General advice regarding storage¶
Home directory vs group shares vs scratch¶
Work related data doesn't belong in your home directory. Once you leave D-PHYS, your data will be abandoned and your group will not have access to it. Use a group share to store such data, only personal settings and 'private' stuff goes into your home (that's why it's rather small). For temporary data there's a scratch folder on every workstation.
Regular housekeeping¶
Delete what is no longer needed. Document folder structure and file locations for your future self and others.
Avoid too many files in the same directory¶
Don't store thousands of files in a single folder. This makes listing of the contents of the folder very slow. Create some folder hierarchy to split the files up for faster access.
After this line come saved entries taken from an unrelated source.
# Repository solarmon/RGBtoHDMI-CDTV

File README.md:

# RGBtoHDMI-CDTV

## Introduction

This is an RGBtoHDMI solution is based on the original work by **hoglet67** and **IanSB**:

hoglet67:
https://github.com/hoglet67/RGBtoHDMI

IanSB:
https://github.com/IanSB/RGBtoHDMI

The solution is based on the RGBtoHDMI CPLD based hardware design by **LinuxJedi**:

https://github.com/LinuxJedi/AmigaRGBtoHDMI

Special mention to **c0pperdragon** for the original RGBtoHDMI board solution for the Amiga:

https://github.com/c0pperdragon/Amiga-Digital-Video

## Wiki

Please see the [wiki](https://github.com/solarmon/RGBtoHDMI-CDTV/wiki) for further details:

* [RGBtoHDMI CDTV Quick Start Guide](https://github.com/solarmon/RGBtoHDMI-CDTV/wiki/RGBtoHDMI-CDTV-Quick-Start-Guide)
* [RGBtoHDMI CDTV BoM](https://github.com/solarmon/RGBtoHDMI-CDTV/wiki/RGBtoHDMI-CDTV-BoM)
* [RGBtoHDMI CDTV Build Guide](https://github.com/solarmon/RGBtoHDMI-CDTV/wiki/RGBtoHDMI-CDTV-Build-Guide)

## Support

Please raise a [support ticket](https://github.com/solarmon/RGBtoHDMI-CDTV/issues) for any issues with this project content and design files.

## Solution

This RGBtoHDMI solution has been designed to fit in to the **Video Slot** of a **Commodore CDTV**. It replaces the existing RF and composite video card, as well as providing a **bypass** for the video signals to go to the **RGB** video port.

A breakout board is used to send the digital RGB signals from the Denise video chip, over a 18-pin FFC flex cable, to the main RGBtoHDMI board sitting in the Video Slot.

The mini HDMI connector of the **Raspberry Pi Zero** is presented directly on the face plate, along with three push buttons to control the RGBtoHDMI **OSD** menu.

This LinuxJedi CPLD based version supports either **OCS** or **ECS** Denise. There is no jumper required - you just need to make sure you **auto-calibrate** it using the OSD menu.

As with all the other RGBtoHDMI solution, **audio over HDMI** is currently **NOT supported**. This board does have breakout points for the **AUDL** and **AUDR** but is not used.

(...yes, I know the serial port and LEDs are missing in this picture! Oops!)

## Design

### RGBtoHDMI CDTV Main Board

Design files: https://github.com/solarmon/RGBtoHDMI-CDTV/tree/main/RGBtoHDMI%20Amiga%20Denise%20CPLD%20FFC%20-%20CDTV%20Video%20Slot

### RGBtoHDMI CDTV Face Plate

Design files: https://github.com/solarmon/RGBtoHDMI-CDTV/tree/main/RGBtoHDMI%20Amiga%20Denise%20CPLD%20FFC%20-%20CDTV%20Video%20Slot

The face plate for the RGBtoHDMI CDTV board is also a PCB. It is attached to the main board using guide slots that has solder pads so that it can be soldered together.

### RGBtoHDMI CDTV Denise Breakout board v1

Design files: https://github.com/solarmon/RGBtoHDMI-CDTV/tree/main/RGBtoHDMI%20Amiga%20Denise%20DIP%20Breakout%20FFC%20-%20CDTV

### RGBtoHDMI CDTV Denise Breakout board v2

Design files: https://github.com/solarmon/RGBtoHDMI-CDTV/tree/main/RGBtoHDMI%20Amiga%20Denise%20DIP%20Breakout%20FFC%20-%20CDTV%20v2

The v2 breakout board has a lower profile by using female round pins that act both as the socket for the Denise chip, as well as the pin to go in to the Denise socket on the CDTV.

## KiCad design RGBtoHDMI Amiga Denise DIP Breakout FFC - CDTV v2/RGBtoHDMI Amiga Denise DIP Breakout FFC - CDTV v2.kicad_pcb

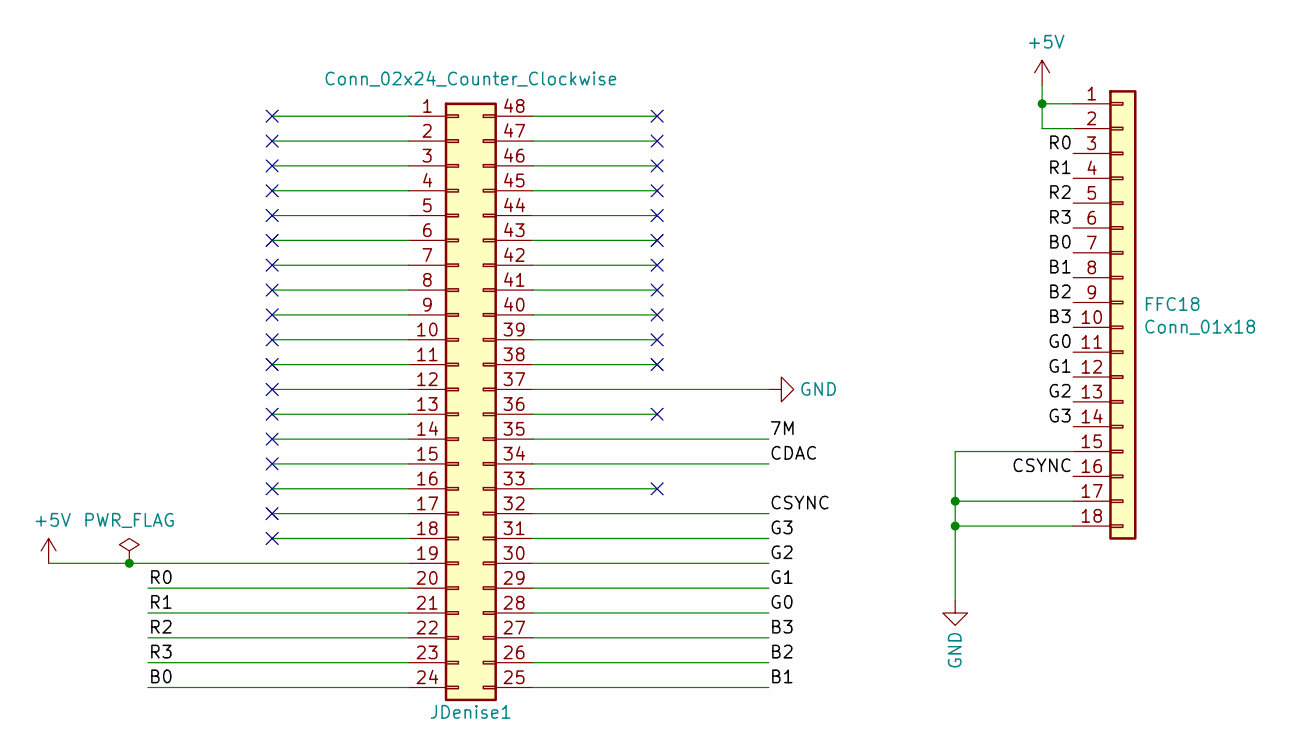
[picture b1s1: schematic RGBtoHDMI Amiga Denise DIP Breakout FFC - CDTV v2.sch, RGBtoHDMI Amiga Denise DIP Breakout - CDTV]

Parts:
FFC18: Conn_01x18; FPC-SMD_X10B25U18T
JDenise1: Conn_02x24_Counter_Clockwise; DIP-48_W15.24mm_Socket_Turned_Pins

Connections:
+5V: FFC18.1, FFC18.2, JDenise1.19
/7M: JDenise1.35
/B0: FFC18.7, JDenise1.24
/B1: FFC18.8, JDenise1.25
/B2: FFC18.9, JDenise1.26
/B3: FFC18.10, JDenise1.27
/CDAC: JDenise1.34
/CSYNC: FFC18.16, JDenise1.32
/G0: FFC18.11, JDenise1.28
/G1: FFC18.12, JDenise1.29
/G2: FFC18.13, JDenise1.30
/G3: FFC18.14, JDenise1.31
/R0: FFC18.3, JDenise1.20
/R1: FFC18.4, JDenise1.21
/R2: FFC18.5, JDenise1.22
/R3: FFC18.6, JDenise1.23
GND: FFC18.15, FFC18.17, FFC18.18, FFC18.MP, JDenise1.37

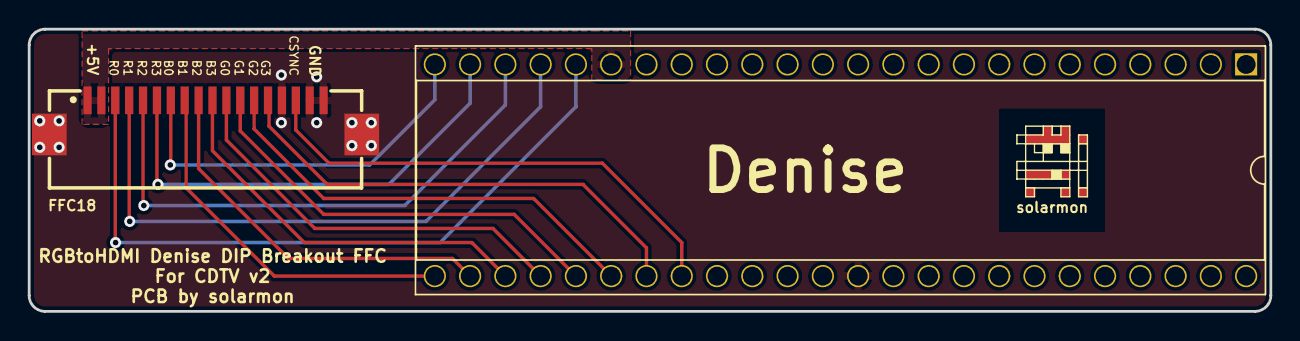
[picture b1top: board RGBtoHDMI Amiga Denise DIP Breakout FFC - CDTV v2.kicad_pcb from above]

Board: 2 copper layers, 89.4 x 20.3 mm, 3 parts (0 on the bottom side), 15 nets.

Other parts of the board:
solarmon: solarmon-logo-25mils

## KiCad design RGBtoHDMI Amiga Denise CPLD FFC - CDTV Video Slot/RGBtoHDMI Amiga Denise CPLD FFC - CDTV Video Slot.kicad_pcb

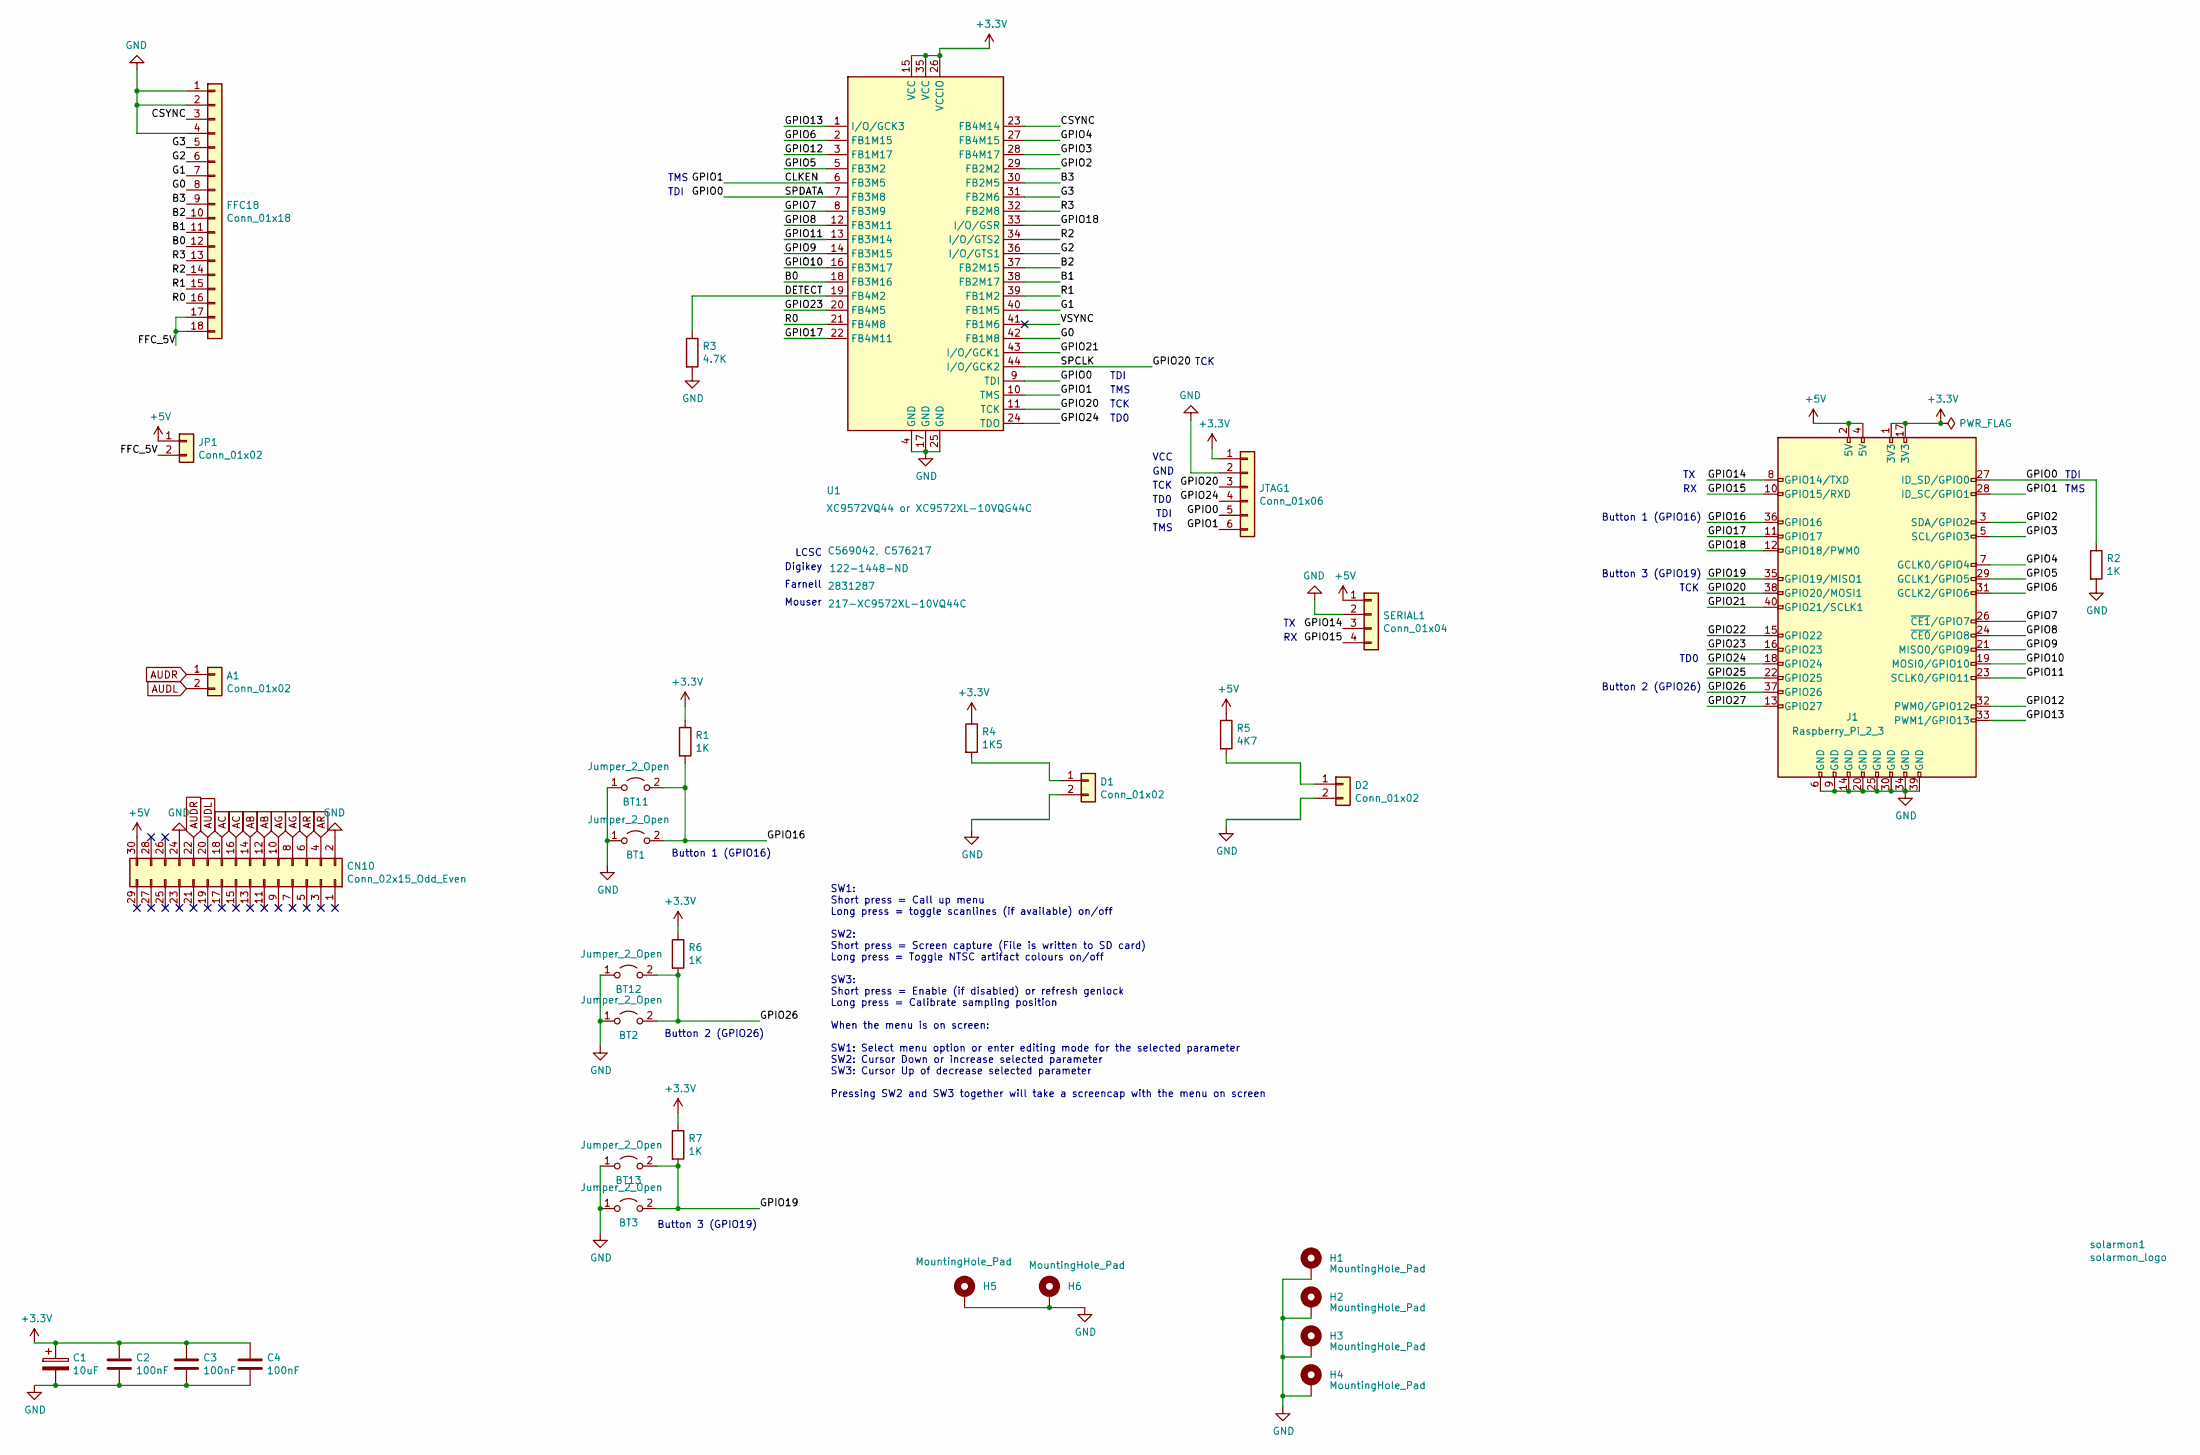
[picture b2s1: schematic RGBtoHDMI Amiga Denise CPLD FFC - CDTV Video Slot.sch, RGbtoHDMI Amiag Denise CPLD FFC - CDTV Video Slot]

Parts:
A1: Conn_01x02; PinHeader_1x02_P2.54mm_Vertical
BT1, BT2, BT3: Jumper_2_Open; PinHeader_1x02_P2.54mm_Vertical
BT11, BT12, BT13: Jumper_2_Open; PUSH_BUTTON_RIGHT_ANGLE
C1: 10uF; C_0805_2012Metric_Pad1.18x1.45mm_HandSolder
C2, C3, C4: 100nF; C_0805_2012Metric_Pad1.18x1.45mm_HandSolder
CN10: Conn_02x15_Odd_Even; CDTV_Video_Slot_30_pin
D1, D2: Conn_01x02; PinHeader_1x02_P2.54mm_Vertical
FFC18: Conn_01x18; FPC-SMD_X10B25U18T
H1, H2, H3, H4: MountingHole_Pad; MountingHole_2.5mm_Pad_Via
H5, H6: MountingHole_Pad; MountingHole_3.2mm_M3
J1: Raspberry_Pi_2_3; PinSocket_2x20_P2.54mm_Vertical
JP1: Conn_01x02; PinHeader_1x02_P2.54mm_Horizontal
JTAG1: Conn_01x06; PinHeader_1x06_P2.54mm_Vertical
R1, R2, R6, R7: 1K; R_0805_2012Metric_Pad1.20x1.40mm_HandSolder
R3: 4.7K; R_0805_2012Metric_Pad1.20x1.40mm_HandSolder
R4: 1K5; R_0805_2012Metric_Pad1.20x1.40mm_HandSolder
R5: 4K7; R_0805_2012Metric_Pad1.20x1.40mm_HandSolder
SERIAL1: Conn_01x04; PinHeader_1x04_P2.54mm_Horizontal
U1: XC9572VQ44 or XC9572XL-10VQG44C; TQFP-44_10x10mm_P0.8mm; LCSC C569042, C576217
solarmon1: solarmon_logo; solarmon-logo-25mils

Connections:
+3V3: C1.1, C2.1, C3.1, C4.1, J1.1 (3V3), J1.17 (3V3), JTAG1.1, R1.1, R4.1, R6.1, R7.1, U1.15 (VCC), U1.26 (VCCIO), U1.35 (VCC)
+5V: CN10.30, J1.2 (5V), J1.4 (5V), JP1.1, R5.1, SERIAL1.1
/B0: FFC18.12, U1.18 (FB3M16)
/B1: FFC18.11, U1.38 (FB2M17)
/B2: FFC18.10, U1.37 (FB2M15)
/B3: FFC18.9, U1.30 (FB2M5)
/CLKEN: J1.28 (ID_SC/GPIO1), JTAG1.6, U1.6 (FB3M5), U1.10 (TMS)
/CSYNC: FFC18.3, U1.23 (FB4M14)
/DETECT: R3.1, U1.19 (FB4M2)
/FFC_5V: FFC18.17, FFC18.18, JP1.2
/G0: FFC18.8, U1.42 (FB1M8)
/G1: FFC18.7, U1.40 (FB1M5)
/G2: FFC18.6, U1.36 (I/O/GTS1)
/G3: FFC18.5, U1.31 (FB2M6)
/GPIO0: J1.27 (ID_SD/GPIO0), JTAG1.5, R2.1, U1.7 (FB3M8), U1.9 (TDI)
/GPIO2: J1.3 (SDA/GPIO2), U1.29 (FB2M2)
/GPIO3: J1.5 (SCL/GPIO3), U1.28 (FB4M17)
/GPIO4: J1.7 (GCLK0/GPIO4), U1.27 (FB4M15)
/GPIO5: J1.29 (GCLK1/GPIO5), U1.5 (FB3M2)
/GPIO6: J1.31 (GCLK2/GPIO6), U1.2 (FB1M15)
/GPIO7: J1.26 (~CE1~/GPIO7), U1.8 (FB3M9)
/GPIO8: J1.24 (~CE0~/GPIO8), U1.12 (FB3M11)
/GPIO9: J1.21 (MISO0/GPIO9), U1.14 (FB3M15)
/GPIO10: J1.19 (MOSI0/GPIO10), U1.16 (FB3M17)
/GPIO11: J1.23 (SCLK0/GPIO11), U1.13 (FB3M14)
/GPIO12: J1.32 (PWM0/GPIO12), U1.3 (FB1M17)
/GPIO13: J1.33 (PWM1/GPIO13), U1.1 (I/O/GCK3)
/GPIO14: J1.8 (GPIO14/TXD), SERIAL1.3
/GPIO15: J1.10 (GPIO15/RXD), SERIAL1.4
/GPIO16: BT1.2 (B), BT11.2 (B), J1.36 (GPIO16), R1.2
/GPIO17: J1.11 (GPIO17), U1.22 (FB4M11)
/GPIO18: J1.12 (GPIO18/PWM0), U1.33 (I/O/GSR)
/GPIO19: BT3.2 (B), BT13.2 (B), J1.35 (GPIO19/MISO1), R7.2
/GPIO20: J1.38 (GPIO20/MOSI1), JTAG1.3, U1.11 (TCK), U1.44 (I/O/GCK2)
/GPIO21: J1.40 (GPIO21/SCLK1), U1.43 (I/O/GCK1)
/GPIO22: J1.15 (GPIO22)
/GPIO23: J1.16 (GPIO23), U1.20 (FB4M5)
/GPIO24: J1.18 (GPIO24), JTAG1.4, U1.24 (TDO)
/GPIO25: J1.22 (GPIO25)
/GPIO26: BT2.2 (B), BT12.2 (B), J1.37 (GPIO26), R6.2
/GPIO27: J1.13 (GPIO27)
/R0: FFC18.16, U1.21 (FB4M8)
/R1: FFC18.15, U1.39 (FB1M2)
/R2: FFC18.14, U1.34 (I/O/GTS2)
/R3: FFC18.13, U1.32 (FB2M8)
/VSYNC: U1.41 (FB1M6)
AB: CN10.12, CN10.14
AC: CN10.16, CN10.18
AG: CN10.8, CN10.10
AR: CN10.4, CN10.6
AUDL: A1.2, CN10.20
AUDR: A1.1, CN10.22
GND: BT1.1 (A), BT2.1 (A), BT3.1 (A), BT11.1 (A), BT12.1 (A), BT13.1 (A), C1.2, C2.2, C3.2, C4.2, CN10.2, CN10.24, D1.2, D2.2, FFC18.1, FFC18.2, FFC18.4, FFC18.MP, H1.1, H2.1, H3.1, H4.1, H5.1, H6.1, J1.6 (GND), J1.9 (GND), J1.14 (GND), J1.20 (GND), J1.25 (GND), J1.30 (GND), J1.34 (GND), J1.39 (GND), JTAG1.2, R2.2, R3.2, SERIAL1.2, U1.4 (GND), U1.17 (GND), U1.25 (GND)
unnamed: D1.1, R4.2
unnamed: D2.1, R5.2

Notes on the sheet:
TCK
TMS
TDI
TD0
GND
VCC
Button 1 (GPIO16)
Button 2 (GPIO26)
Button 3 (GPIO19)
Farnell
Digikey
LCSC
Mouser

Combine small files into single tar¶
Don't store your data in thousands of files of a only few kilobytes each. Even the smallest file will always allocate the minimal block size, and therefore waste disk space. Working with many small files also comes with a big overhead of system calls and disk seek operations. Combine such results into larger files using tar
(with or without compression).
Prefer binary formats to plain text¶
Consider optimized binary formats (eg hdf5) to store your data - but make sure they're open and well documented so you can still read your data in 5 year's time. They use less disk space and allow faster input/output than plain text files. Common formats have libraries for most programming languages to ease read/write operations.
File servers are not meant for backups¶
Do not use group shares to store backups of your machines. We provide a wide range of backup solutions. If you're unsure which one of those is suitable for you, please get in touch.